## THE TASK
Please keep the pictures out and write out exactly the lines from the first in the data below through the one containing "floor to 71c51cb5e434184b_F0_whole", both included.

● ● ●

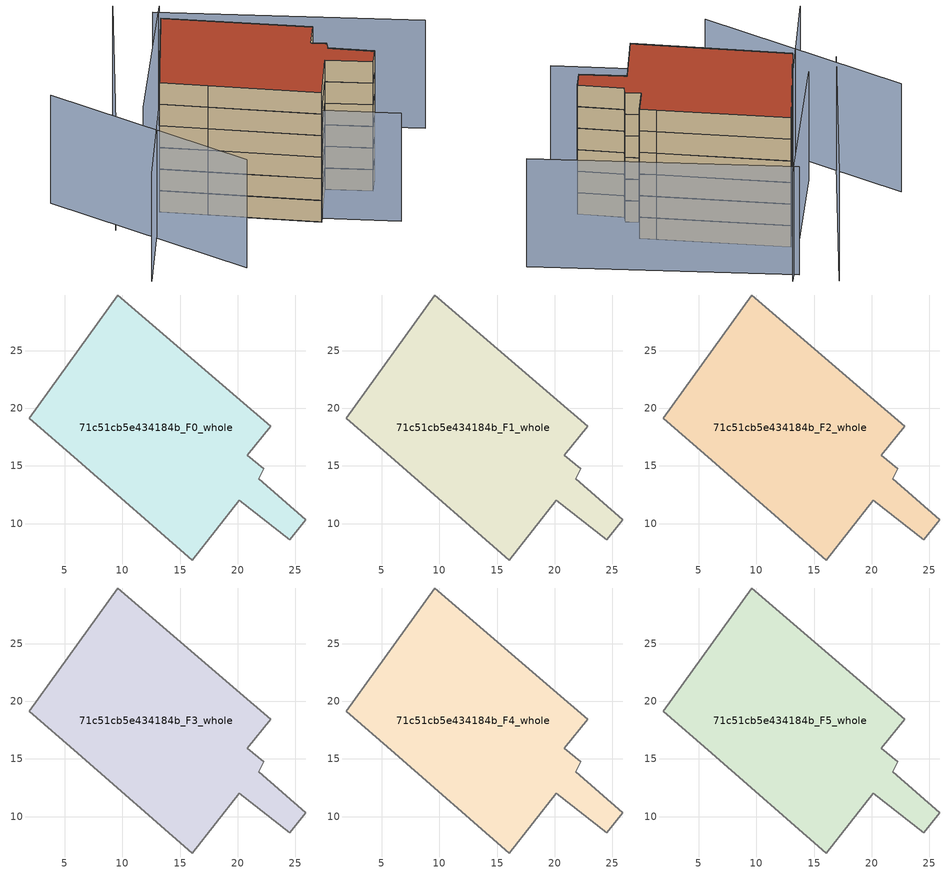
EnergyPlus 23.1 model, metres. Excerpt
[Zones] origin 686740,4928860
71c51cb5e434184b_F0_whole
 floor ground (EU_floor_Construction): 24.51,8.6 25.89,10.32 21.84,13.9 22.27,14.76 20.83,15.91 22.88,18.44 21.4,19.7 9.59,29.83 1.94,19.13 6.13,15.49 16.08,6.84 20.14,12.04 z0
 wall adiabatic (EU_wall_Construction): 20.14,12.04 16.08,6.84 6.13,15.49 1.94,19.13 9.59,29.83 21.4,19.7 22.88,18.44 20.83,15.91 22.27,14.76 21.84,13.9 25.89,10.32 24.51,8.6 20.14,12.04 z0:3
71c51cb5e434184b_F1_whole
 floor to 71c51cb5e434184b_F0_whole (EU_floor_Construction): 24.51,8.6 25.89,10.32 21.84,13.9 22.27,14.76 20.83,15.91 22.88,18.44 21.4,19.7 9.59,29.83 1.94,19.13 6.13,15.49 16.08,6.84 20.14,12.04 z3
 wall adiabatic (EU_wall_Construction): 20.14,12.04 16.08,6.84 6.13,15.49 1.94,19.13 9.59,29.83 21.4,19.7 22.88,18.44 20.83,15.91 22.27,14.76 21.84,13.9 25.89,10.32 24.51,8.6 20.14,12.04 z3:6
71c51cb5e434184b_F2_whole
 floor to 71c51cb5e434184b_F1_whole (EU_floor_Construction): 24.51,8.6 25.89,10.32 21.84,13.9 22.27,14.76 20.83,15.91 22.88,18.44 21.4,19.7 9.59,29.83 1.94,19.13 6.13,15.49 16.08,6.84 20.14,12.04 z6
 wall adiabatic (EU_wall_Construction): 20.14,12.04 16.08,6.84 6.13,15.49 1.94,19.13 9.59,29.83 21.4,19.7 22.88,18.44 20.83,15.91 22.27,14.76 21.84,13.9 25.89,10.32 24.51,8.6 20.14,12.04 z6:9
71c51cb5e434184b_F3_whole
 floor to 71c51cb5e434184b_F2_whole (EU_floor_Construction): 24.51,8.6 25.89,10.32 21.84,13.9 22.27,14.76 20.83,15.91 22.88,18.44 21.4,19.7 9.59,29.83 1.94,19.13 6.13,15.49 16.08,6.84 20.14,12.04 z9
 wall adiabatic (EU_wall_Construction): 20.14,12.04 16.08,6.84 6.13,15.49 1.94,19.13 9.59,29.83 21.4,19.7 22.88,18.44 20.83,15.91 22.27,14.76 21.84,13.9 25.89,10.32 24.51,8.6 20.14,12.04 z9:12
71c51cb5e434184b_F4_whole
 floor to 71c51cb5e434184b_F3_whole (EU_floor_Construction): 24.51,8.6 25.89,10.32 21.84,13.9 22.27,14.76 20.83,15.91 22.88,18.44 21.4,19.7 9.59,29.83 1.94,19.13 6.13,15.49 16.08,6.84 20.14,12.04 z12
 wall adiabatic (EU_wall_Construction): 20.14,12.04 16.08,6.84 6.13,15.49 1.94,19.13 9.59,29.83 21.4,19.7 22.88,18.44 20.83,15.91 22.27,14.76 21.84,13.9 25.89,10.32 24.51,8.6 20.14,12.04 z12:15
71c51cb5e434184b_F5_whole
 floor to 71c51cb5e434184b_F4_whole (EU_floor_Construction): 24.51,8.6 25.89,10.32 21.84,13.9 22.27,14.76 20.83,15.91 22.88,18.44 21.4,19.7 9.59,29.83 1.94,19.13 6.13,15.49 16.08,6.84 20.14,12.04 z15
 wall adiabatic (EU_wall_Construction): 20.14,12.04 16.08,6.84 6.13,15.49 1.94,19.13 9.59,29.83 21.4,19.7 22.88,18.44 20.83,15.91 22.27,14.76 21.84,13.9 25.89,10.32 24.51,8.6 20.14,12.04 z15:18
 roof outside (EU_roof_Construction): 21.4,19.7 22.88,18.44 20.83,15.91 22.27,14.76 21.84,13.9 25.89,10.32 24.51,8.6 20.14,12.04 16.08,6.84 6.13,15.49 1.94,19.13 9.59,29.83 z18
shading: -7.24,27.75 3.72,4.17 / -6.78,8.19 1.94,19.13 / 1.94,19.13 23.67,1.8 / 0.06,19.72 13.37,35.52 / 8.95,38.57 -4.25,19.03 / 36.69,15.68 12,34.91 z0:15
[Building]
EU S2 Campaign: North Axis=0; Terrain=City; Solar Distribution=FullExterior
[Site:Location]
Bologna: Latitude=44.5; Longitude=11.25; Time Zone=1; Elevation=37
[SizingPeriod:WeatherFileDays]
AnnualSizingPeriod: Begin Month=1; Begin Day of Month=1; End Month=12; End Day of Month=31; Day of Week for Start Day=Monday; Use Weather File Daylight Saving Period=No; Use Weather File Rain and Snow Indicators=No
[MATERIAL]
EU_InternalMass_Material: Roughness=MediumRough; Thickness=0.1; Conductivity=1; Density=1800; Specific Heat=900; Thermal Absorptance=0.9; Solar Absorptance=0.7; Visible Absorptance=0.7
[MATERIAL:NOMASS] Roughness=MediumRough; Thermal Absorptance=0.9; Solar Absorptance=0.7; Visible Absorptance=0.7
Name | Thermal Resistance
EU_wall_NoMass | 0.905828
EU_roof_NoMass | 0.37593
EU_floor_NoMass | 0.67114
[CONSTRUCTION]
EU_wall_Construction: EU_wall_NoMass
EU_roof_Construction: EU_roof_NoMass
EU_floor_Construction: EU_floor_NoMass
EU_InternalMass_Construction: EU_InternalMass_Material
[ZONE] Type=1; Multiplier=1; Ceiling Height=autocalculate; Volume=772.938; Floor Area=autocalculate; Part of Total Floor Area=Yes
71c51cb5e434184b_F0_whole; 71c51cb5e434184b_F1_whole; 71c51cb5e434184b_F2_whole; 71c51cb5e434184b_F3_whole; 71c51cb5e434184b_F4_whole; 71c51cb5e434184b_F5_whole
[INTERNALMASS] Construction=EU_InternalMass_Construction; Surface Area=257.646
Name | Zone or ZoneList
71c51cb5e434184b_F0_whole_EU_InternalMass | 71c51cb5e434184b_F0_whole
71c51cb5e434184b_F1_whole_EU_InternalMass | 71c51cb5e434184b_F1_whole
71c51cb5e434184b_F2_whole_EU_InternalMass | 71c51cb5e434184b_F2_whole
71c51cb5e434184b_F3_whole_EU_InternalMass | 71c51cb5e434184b_F3_whole
71c51cb5e434184b_F4_whole_EU_InternalMass | 71c51cb5e434184b_F4_whole
71c51cb5e434184b_F5_whole_EU_InternalMass | 71c51cb5e434184b_F5_whole
[OTHEREQUIPMENT] Fuel Type=Electricity; Design Level Calculation Method=Watts/Area; Power per Zone Floor Area=1; Fraction Latent=0; Fraction Radiant=0; Fraction Lost=0; Carbon Dioxide Generation Rate=0; EndUse Subcategory=EU_Step8_InternalGains
Name | Zone or ZoneList or Space or SpaceList | Schedule
EU_Step8_InternalGain_71c51cb5e434184b_F0_whole_f000 | 71c51cb5e434184b_F0_whole | EU_Step8_GainSchedule_71c51cb5e434184b_F0_whole_f000
EU_Step8_InternalGain_71c51cb5e434184b_F1_whole_f000 | 71c51cb5e434184b_F1_whole | EU_Step8_GainSchedule_71c51cb5e434184b_F1_whole_f000
EU_Step8_InternalGain_71c51cb5e434184b_F2_whole_f000 | 71c51cb5e434184b_F2_whole | EU_Step8_GainSchedule_71c51cb5e434184b_F2_whole_f000
EU_Step8_InternalGain_71c51cb5e434184b_F3_whole_f000 | 71c51cb5e434184b_F3_whole | EU_Step8_GainSchedule_71c51cb5e434184b_F3_whole_f000
EU_Step8_InternalGain_71c51cb5e434184b_F4_whole_f000 | 71c51cb5e434184b_F4_whole | EU_Step8_GainSchedule_71c51cb5e434184b_F4_whole_f000
EU_Step8_InternalGain_71c51cb5e434184b_F5_whole_f000 | 71c51cb5e434184b_F5_whole | EU_Step8_GainSchedule_71c51cb5e434184b_F5_whole_f000
[ZONEVENTILATION:DESIGNFLOWRATE] Schedule=EU_AlwaysOn; Design Flow Rate Calculation Method=AirChanges/Hour; Air Changes per Hour=0.73129; Ventilation Type=Natural; Fan Pressure Rise=0; Fan Total Efficiency=1; Constant Term Coefficient=1; Temperature Term Coefficient=0; Velocity Term Coefficient=0; Velocity Squared Term Coefficient=0; Minimum Indoor Temperature=-100; Maximum Indoor Temperature=100; Delta Temperature=-100; Minimum Outdoor Temperature=-100; Maximum Outdoor Temperature=100; Maximum Wind Speed=40
Name | Zone or ZoneList or Space or SpaceList
EU_ConstantAir_71c51cb5e434184b_F0_whole | 71c51cb5e434184b_F0_whole
EU_ConstantAir_71c51cb5e434184b_F1_whole | 71c51cb5e434184b_F1_whole
EU_ConstantAir_71c51cb5e434184b_F2_whole | 71c51cb5e434184b_F2_whole
EU_ConstantAir_71c51cb5e434184b_F3_whole | 71c51cb5e434184b_F3_whole
EU_ConstantAir_71c51cb5e434184b_F4_whole | 71c51cb5e434184b_F4_whole
EU_ConstantAir_71c51cb5e434184b_F5_whole | 71c51cb5e434184b_F5_whole
[HVACTEMPLATE:THERMOSTAT] Constant Heating Setpoint=20; Constant Cooling Setpoint=50
EU_HeatOnly_71c51cb5e434184b_F0_whole; EU_HeatOnly_71c51cb5e434184b_F1_whole; EU_HeatOnly_71c51cb5e434184b_F2_whole; EU_HeatOnly_71c51cb5e434184b_F3_whole; EU_HeatOnly_71c51cb5e434184b_F4_whole; EU_HeatOnly_71c51cb5e434184b_F5_whole
[HVACTEMPLATE:ZONE:IDEALLOADSAIRSYSTEM] System Availability Schedule=EU_AlwaysOn; Maximum Heating Supply Air Temperature=50; Minimum Cooling Supply Air Temperature=13; Maximum Heating Supply Air Humidity Ratio=0.0156; Minimum Cooling Supply Air Humidity Ratio=0.0077; Heating Limit=NoLimit; Cooling Limit=NoLimit; Heating Availability Schedule=EU_AlwaysOn; Cooling Availability Schedule=EU_CoolingOff; Dehumidification Control Type=ConstantSensibleHeatRatio; Cooling Sensible Heat Ratio=0.7; Dehumidification Setpoint=60; Humidification Control Type=None; Humidification Setpoint=30; Outdoor Air Method=None; Outdoor Air Flow Rate per Person=0.00944; Outdoor Air Flow Rate per Zone Floor Area=0; Outdoor Air Flow Rate per Zone=0; Demand Controlled Ventilation Type=None; Outdoor Air Economizer Type=NoEconomizer; Heat Recovery Type=None; Sensible Heat Recovery Effectiveness=0.7; Latent Heat Recovery Effectiveness=0.65
Name | Template Thermostat
71c51cb5e434184b_F0_whole | EU_HeatOnly_71c51cb5e434184b_F0_whole
71c51cb5e434184b_F1_whole | EU_HeatOnly_71c51cb5e434184b_F1_whole
71c51cb5e434184b_F2_whole | EU_HeatOnly_71c51cb5e434184b_F2_whole
71c51cb5e434184b_F3_whole | EU_HeatOnly_71c51cb5e434184b_F3_whole
71c51cb5e434184b_F4_whole | EU_HeatOnly_71c51cb5e434184b_F4_whole
71c51cb5e434184b_F5_whole | EU_HeatOnly_71c51cb5e434184b_F5_whole
[SIZING:ZONE] Zone Cooling Design Supply Air Temperature Input Method=SupplyAirTemperature; Zone Cooling Design Supply Air Temperature=13; Zone Heating Design Supply Air Temperature Input Method=SupplyAirTemperature; Zone Heating Design Supply Air Temperature=50; Zone Cooling Design Supply Air Humidity Ratio=0.008; Zone Heating Design Supply Air Humidity Ratio=0.008; Cooling Design Air Flow Method=DesignDay; Cooling Design Air Flow Rate=0; Cooling Minimum Air Flow per Zone Floor Area=0.000762; Cooling Minimum Air Flow=0; Cooling Minimum Air Flow Fraction=0.2; Heating Design Air Flow Method=DesignDay; Heating Design Air Flow Rate=0; Heating Maximum Air Flow per Zone Floor Area=0.002032; Heating Maximum Air Flow=0.141576; Heating Maximum Air Flow Fraction=0.3; Account for Dedicated Outdoor Air System=No; Dedicated Outdoor Air System Control Strategy=NeutralSupplyAir; Dedicated Outdoor Air Low Setpoint Temperature for Design=autosize; Dedicated Outdoor Air High Setpoint Temperature for Design=autosize; Zone Load Sizing Method=Sensible Load Only No Latent Load; Zone Latent Cooling Design Supply Air Humidity Ratio Input Method=HumidityRatioDifference; Zone Cooling Design Supply Air Humidity Ratio Difference=0.005; Zone Latent Heating Design Supply Air Humidity Ratio Input Method=HumidityRatioDifference; Zone Humidification Design Supply Air Humidity Ratio Difference=0.005
71c51cb5e434184b_F0_whole; 71c51cb5e434184b_F1_whole; 71c51cb5e434184b_F2_whole; 71c51cb5e434184b_F3_whole; 71c51cb5e434184b_F4_whole; 71c51cb5e434184b_F5_whole
[SCHEDULE:CONSTANT]
Name | Hourly Value
EU_AlwaysOn | 1
EU_CoolingOff | 0
[SCHEDULE:FILE] Column Number=1; Rows to Skip at Top=0; Number of Hours of Data=8760; Column Separator=Comma; Interpolate to Timestep=No; Minutes per Item=60; Adjust Schedule for Daylight Savings=Yes
Name | File
EU_Step8_GainSchedule_71c51cb5e434184b_F0_whole_f000 | ../../schedules/71c51cb5e434184b/71c51cb5e434184b_F0_whole_f000_gain.csv
EU_Step8_GainSchedule_71c51cb5e434184b_F1_whole_f000 | ../../schedules/71c51cb5e434184b/71c51cb5e434184b_F1_whole_f000_gain.csv
EU_Step8_GainSchedule_71c51cb5e434184b_F2_whole_f000 | ../../schedules/71c51cb5e434184b/71c51cb5e434184b_F2_whole_f000_gain.csv
EU_Step8_GainSchedule_71c51cb5e434184b_F3_whole_f000 | ../../schedules/71c51cb5e434184b/71c51cb5e434184b_F3_whole_f000_gain.csv
EU_Step8_GainSchedule_71c51cb5e434184b_F4_whole_f000 | ../../schedules/71c51cb5e434184b/71c51cb5e434184b_F4_whole_f000_gain.csv
EU_Step8_GainSchedule_71c51cb5e434184b_F5_whole_f000 | ../../schedules/71c51cb5e434184b/71c51cb5e434184b_F5_whole_f000_gain.csv

● ● ●

## SOLUTION FOR THIS PROBLEM
EnergyPlus 23.1 model, metres. Excerpt
[Zones] origin 686740,4928860
71c51cb5e434184b_F0_whole
 floor ground (EU_floor_Construction): 24.51,8.6 25.89,10.32 21.84,13.9 22.27,14.76 20.83,15.91 22.88,18.44 21.4,19.7 9.59,29.83 1.94,19.13 6.13,15.49 16.08,6.84 20.14,12.04 z0
 wall adiabatic (EU_wall_Construction): 20.14,12.04 16.08,6.84 6.13,15.49 1.94,19.13 9.59,29.83 21.4,19.7 22.88,18.44 20.83,15.91 22.27,14.76 21.84,13.9 25.89,10.32 24.51,8.6 20.14,12.04 z0:3
71c51cb5e434184b_F1_whole
 floor to 71c51cb5e434184b_F0_whole (EU_floor_Construction): 24.51,8.6 25.89,10.32 21.84,13.9 22.27,14.76 20.83,15.91 22.88,18.44 21.4,19.7 9.59,29.83 1.94,19.13 6.13,15.49 16.08,6.84 20.14,12.04 z3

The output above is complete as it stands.